### To do
Reproduce only the lines below from the line containing "Gain7/1 -> Switch/1" to the line containing "info : Subsystem", exactly as written, with both end lines kept. Omit the pictures.

BEGIN Data listing

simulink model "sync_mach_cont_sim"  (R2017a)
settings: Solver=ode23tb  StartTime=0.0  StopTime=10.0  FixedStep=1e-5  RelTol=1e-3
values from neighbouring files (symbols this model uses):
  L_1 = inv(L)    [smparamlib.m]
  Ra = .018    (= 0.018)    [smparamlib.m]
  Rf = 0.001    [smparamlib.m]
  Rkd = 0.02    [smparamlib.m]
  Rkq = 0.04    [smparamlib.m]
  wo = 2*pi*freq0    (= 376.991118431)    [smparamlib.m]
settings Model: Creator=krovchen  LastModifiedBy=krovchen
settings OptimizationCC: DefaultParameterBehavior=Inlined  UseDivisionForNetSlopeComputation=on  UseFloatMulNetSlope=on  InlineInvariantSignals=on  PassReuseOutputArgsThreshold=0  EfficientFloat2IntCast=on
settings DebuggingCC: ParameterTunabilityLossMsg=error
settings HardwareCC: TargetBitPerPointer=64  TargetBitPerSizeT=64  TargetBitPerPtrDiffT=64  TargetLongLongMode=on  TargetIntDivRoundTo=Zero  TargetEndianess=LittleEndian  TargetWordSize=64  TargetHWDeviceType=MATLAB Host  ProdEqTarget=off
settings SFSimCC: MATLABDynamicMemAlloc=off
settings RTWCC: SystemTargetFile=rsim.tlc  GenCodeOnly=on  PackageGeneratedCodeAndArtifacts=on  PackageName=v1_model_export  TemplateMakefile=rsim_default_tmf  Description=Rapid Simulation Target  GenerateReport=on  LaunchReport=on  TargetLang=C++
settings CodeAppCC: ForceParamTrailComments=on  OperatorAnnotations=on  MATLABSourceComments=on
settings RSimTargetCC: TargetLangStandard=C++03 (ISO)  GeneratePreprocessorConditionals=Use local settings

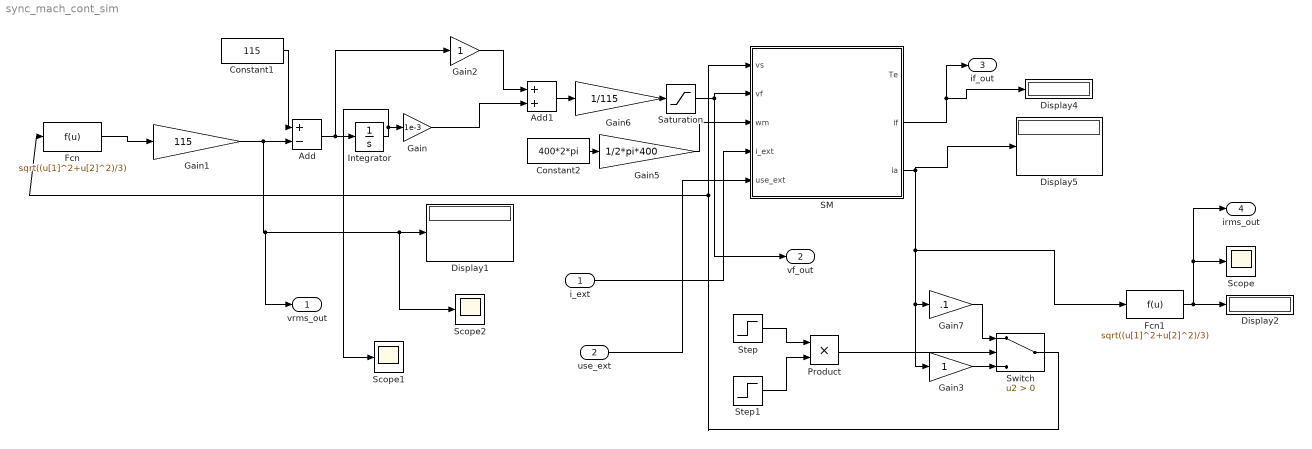
== system sync_mach_cont_sim ==
  i_ext : Inport
  use_ext : Inport  Port=2
  Add : Sum  Inputs=+-
  Add1 : Sum
  Constant1 : Constant  Value=115
  Constant2 : Constant  Value=400*2*pi
  Display{1..2,4..5} (4 alike) : Display
  Fcn : Fcn  Expr=sqrt((u[1]^2+u[2]^2)/3)
  Fcn1 : Fcn  Expr=sqrt((u[1]^2+u[2]^2)/3)
  Gain : Gain  Gain=1e-3
  Gain1 : Gain  Gain=115
  Gain2 : Gain
  Gain3 : Gain
  Gain5 : Gain  Gain=1/2*pi*400
  Gain6 : Gain  Gain=1/115
  Gain7 : Gain  Gain=.1
  Integrator : Integrator  LimitOutput=on  UpperSaturationLimit=1  LowerSaturationLimit=-1
  Product : Product
  SM : Subsystem
      mask Display:
      | plot(-1.5,-1.5,1.5,1.5,cos(0:.01:7),sin(0:.01:7),[-.5 -1 1 .5],[-.866 -1.2 -1.2 -.866] )
      | disp('SYNCHRONOUS\nMACHINE')
  Saturation : Saturate  UpperLimit=1  LowerLimit=-1
  Scope : Scope
  Scope1 : Scope
  Scope2 : Scope
  Step : Step  Time=5  SampleTime=0
  Step1 : Step  Time=7  Before=1  After=0  SampleTime=0
  Switch : Switch  Criteria=u2 > Threshold
  vrms_out : Outport
  vf_out : Outport  Port=2
  if_out : Outport  Port=3
  irms_out : Outport  Port=4
  wires:
  Constant2/1 -> Gain5/1
  Gain5/1 -> SM/3(wm)
  Add1/1 -> Gain6/1
  Gain6/1 -> Saturation/1
  Fcn/1 -> Gain1/1
  Gain1/1 -> vrms_out/1, Scope2/1, Display1/1, Add/2
  Constant1/1 -> Add/1
  Add/1 -> Gain2/1, Integrator/1
  Integrator/1 -> Scope1/1, Gain/1
  Gain/1 -> Add1/2
  Gain2/1 -> Add1/1
  SM/3(ia) -> Display5/1, Fcn1/1, Gain3/1, Gain7/1
  Fcn1/1 -> irms_out/1, Scope/1, Display2/1
  Step/1 -> Product/1
  Step1/1 -> Product/2
  Product/1 -> Switch/2
  Gain7/1 -> Switch/1
  Gain3/1 -> Switch/3
  Switch/1 -> Fcn/1, SM/1(vs)
  Saturation/1 -> vf_out/1, SM/2(vf)
  SM/2(if) -> if_out/1, Display4/1
  i_ext/1 -> SM/4(i_ext)
  use_ext/1 -> SM/5(use_ext)

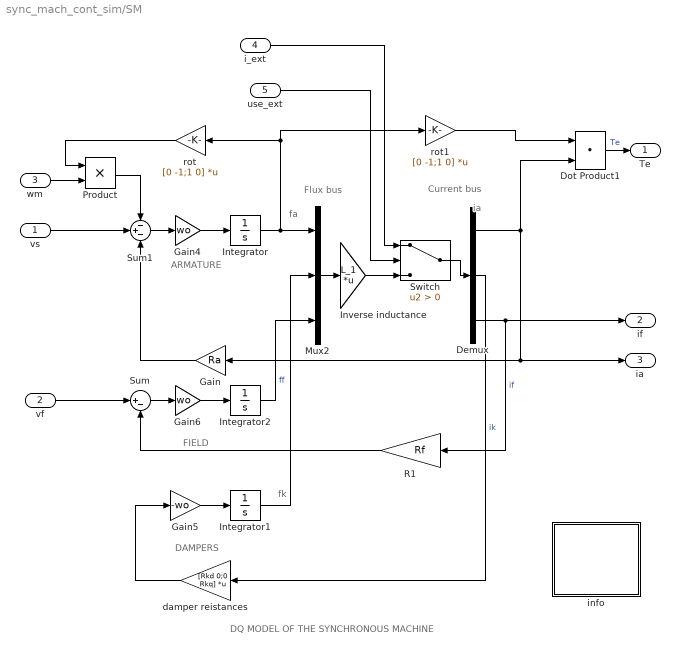
== system sync_mach_cont_sim/SM ==
  note: DAMPERS
  note: ARMATURE
  note: fa
  note: fk
  note: ia
  note: FIELD
  note: DQ MODEL OF THE SYNCHRONOUS MACHINE
  note: Flux bus
  note: Current bus
  vs : Inport
  vf : Inport  Port=2
  wm : Inport  Port=3
  i_ext : Inport  Port=4
  use_ext : Inport  Port=5
  Demux : Demux  Outputs=3
  Dot Product1 : DotProduct  InputSameDT=on  OutDataTypeStr=Inherit: Inherit via internal rule
  Gain : Gain  Gain=Ra  SaturateOnIntegerOverflow=on  OutDataTypeStr=Inherit: Same as input  ParamDataTypeStr=Inherit: Same as input
  Gain4 : Gain  Gain=wo  SaturateOnIntegerOverflow=on  OutDataTypeStr=Inherit: Same as input  ParamDataTypeStr=Inherit: Same as input
  Gain5 : Gain  Gain=-wo  SaturateOnIntegerOverflow=on  OutDataTypeStr=Inherit: Same as input  ParamDataTypeStr=Inherit: Same as input
  Gain6 : Gain  Gain=wo  SaturateOnIntegerOverflow=on  OutDataTypeStr=Inherit: Same as input  ParamDataTypeStr=Inherit: Same as input
  Integrator : Integrator  InitialCondition=[0 0]
  Integrator1 : Integrator  InitialCondition=[0 0]
  Integrator2 : Integrator
  Inverse inductance : Gain  Gain=L_1  Multiplication=Matrix(K*u)  SaturateOnIntegerOverflow=on  OutDataTypeStr=Inherit: Same as input  ParamDataTypeStr=Inherit: Same as input
  Mux2 : Mux  Inputs=3
  Product : Product  SaturateOnIntegerOverflow=on  InputSameDT=on  OutDataTypeStr=Inherit: Same as first input
  R1 : Gain  Gain=Rf  SaturateOnIntegerOverflow=on  OutDataTypeStr=Inherit: Same as input  ParamDataTypeStr=Inherit: Same as input
  Sum : Sum  Inputs=|+-  SaturateOnIntegerOverflow=on  InputSameDT=on  OutDataTypeStr=Inherit: Same as first input
  Sum1 : Sum  Inputs=-+-  SaturateOnIntegerOverflow=on  InputSameDT=on  OutDataTypeStr=Inherit: Same as first input
  Switch : Switch  Criteria=u2 > Threshold
  damper reistances : Gain  Gain=[Rkd 0;0 Rkq]  Multiplication=Matrix(K*u)  SaturateOnIntegerOverflow=on  OutDataTypeStr=Inherit: Same as input  ParamDataTypeStr=Inherit: Same as input
  info : Subsystem
      settings: OpenFcn=helpview(which('smeq0.htm'));
      mask Display:
      | plot(-1.5,-1.5,1.5,1.5,cos(0:.01:7),sin(0:.01:7) )
      | disp('Equations')
  rot : Gain  Gain=[0 -1;1 0]  Multiplication=Matrix(K*u)  SaturateOnIntegerOverflow=on  OutDataTypeStr=Inherit: Same as input  ParamDataTypeStr=Inherit: Same as input
  rot1 : Gain  Gain=[0 -1;1 0]  Multiplication=Matrix(K*u)  SaturateOnIntegerOverflow=on  OutDataTypeStr=Inherit: Same as input  ParamDataTypeStr=Inherit: Same as input
  Te : Outport
  if : Outport  Port=2
  ia : Outport  Port=3
  wires:
  Product/1 -> Sum1/1
  rot/1 -> Product/1
  wm/1 -> Product/2
  Gain5/1 -> Integrator1/1
  damper reistances/1 -> Gain5/1
  Integrator/1 -> Mux2/1, rot/1, rot1/1
  Sum1/1 -> Gain4/1
  Gain4/1 -> Integrator/1
  vs/1 -> Sum1/2
  Gain/1 -> Sum1/3
  Gain6/1 -> Integrator2/1
  Sum/1 -> Gain6/1
  vf/1 -> Sum/1
  rot1/1 -> Dot Product1/1
  Dot Product1/1 -> Te/1  "Te"
  Mux2/1 -> Inverse inductance/1
  Integrator1/1 -> Mux2/2
  Integrator2/1 -> Mux2/3  "ff"
  Demux/3 -> if/1, R1/1  "if"
  Demux/2 -> damper reistances/1  "ik"
  Inverse inductance/1 -> Switch/3
  Demux/1 -> Gain/1, ia/1, Dot Product1/2
  R1/1 -> Sum/2
  Switch/1 -> Demux/1
  use_ext/1 -> Switch/2
  i_ext/1 -> Switch/1

== system sync_mach_cont_sim/SM/info ==
  note: This  demonstration  illustrates  the dynamics of a synchronous generator, initially
      | at no load,  following a three-phase short circuit at the terminals.
  note: Synchronous machine transients
      | under shortcircuit

END Data listing

### Written solution
  Gain7/1 -> Switch/1
  Gain3/1 -> Switch/3
  Switch/1 -> Fcn/1, SM/1(vs)
  Saturation/1 -> vf_out/1, SM/2(vf)
  SM/2(if) -> if_out/1, Display4/1
  i_ext/1 -> SM/4(i_ext)
  use_ext/1 -> SM/5(use_ext)

== system sync_mach_cont_sim/SM ==
  note: DAMPERS
  note: ARMATURE
  note: fa
  note: fk
  note: ia
  note: FIELD
  note: DQ MODEL OF THE SYNCHRONOUS MACHINE
  note: Flux bus
  note: Current bus
  vs : Inport
  vf : Inport  Port=2
  wm : Inport  Port=3
  i_ext : Inport  Port=4
  use_ext : Inport  Port=5
  Demux : Demux  Outputs=3
  Dot Product1 : DotProduct  InputSameDT=on  OutDataTypeStr=Inherit: Inherit via internal rule
  Gain : Gain  Gain=Ra  SaturateOnIntegerOverflow=on  OutDataTypeStr=Inherit: Same as input  ParamDataTypeStr=Inherit: Same as input
  Gain4 : Gain  Gain=wo  SaturateOnIntegerOverflow=on  OutDataTypeStr=Inherit: Same as input  ParamDataTypeStr=Inherit: Same as input
  Gain5 : Gain  Gain=-wo  SaturateOnIntegerOverflow=on  OutDataTypeStr=Inherit: Same as input  ParamDataTypeStr=Inherit: Same as input
  Gain6 : Gain  Gain=wo  SaturateOnIntegerOverflow=on  OutDataTypeStr=Inherit: Same as input  ParamDataTypeStr=Inherit: Same as input
  Integrator : Integrator  InitialCondition=[0 0]
  Integrator1 : Integrator  InitialCondition=[0 0]
  Integrator2 : Integrator
  Inverse inductance : Gain  Gain=L_1  Multiplication=Matrix(K*u)  SaturateOnIntegerOverflow=on  OutDataTypeStr=Inherit: Same as input  ParamDataTypeStr=Inherit: Same as input
  Mux2 : Mux  Inputs=3
  Product : Product  SaturateOnIntegerOverflow=on  InputSameDT=on  OutDataTypeStr=Inherit: Same as first input
  R1 : Gain  Gain=Rf  SaturateOnIntegerOverflow=on  OutDataTypeStr=Inherit: Same as input  ParamDataTypeStr=Inherit: Same as input
  Sum : Sum  Inputs=|+-  SaturateOnIntegerOverflow=on  InputSameDT=on  OutDataTypeStr=Inherit: Same as first input
  Sum1 : Sum  Inputs=-+-  SaturateOnIntegerOverflow=on  InputSameDT=on  OutDataTypeStr=Inherit: Same as first input
  Switch : Switch  Criteria=u2 > Threshold
  damper reistances : Gain  Gain=[Rkd 0;0 Rkq]  Multiplication=Matrix(K*u)  SaturateOnIntegerOverflow=on  OutDataTypeStr=Inherit: Same as input  ParamDataTypeStr=Inherit: Same as input
  info : Subsystem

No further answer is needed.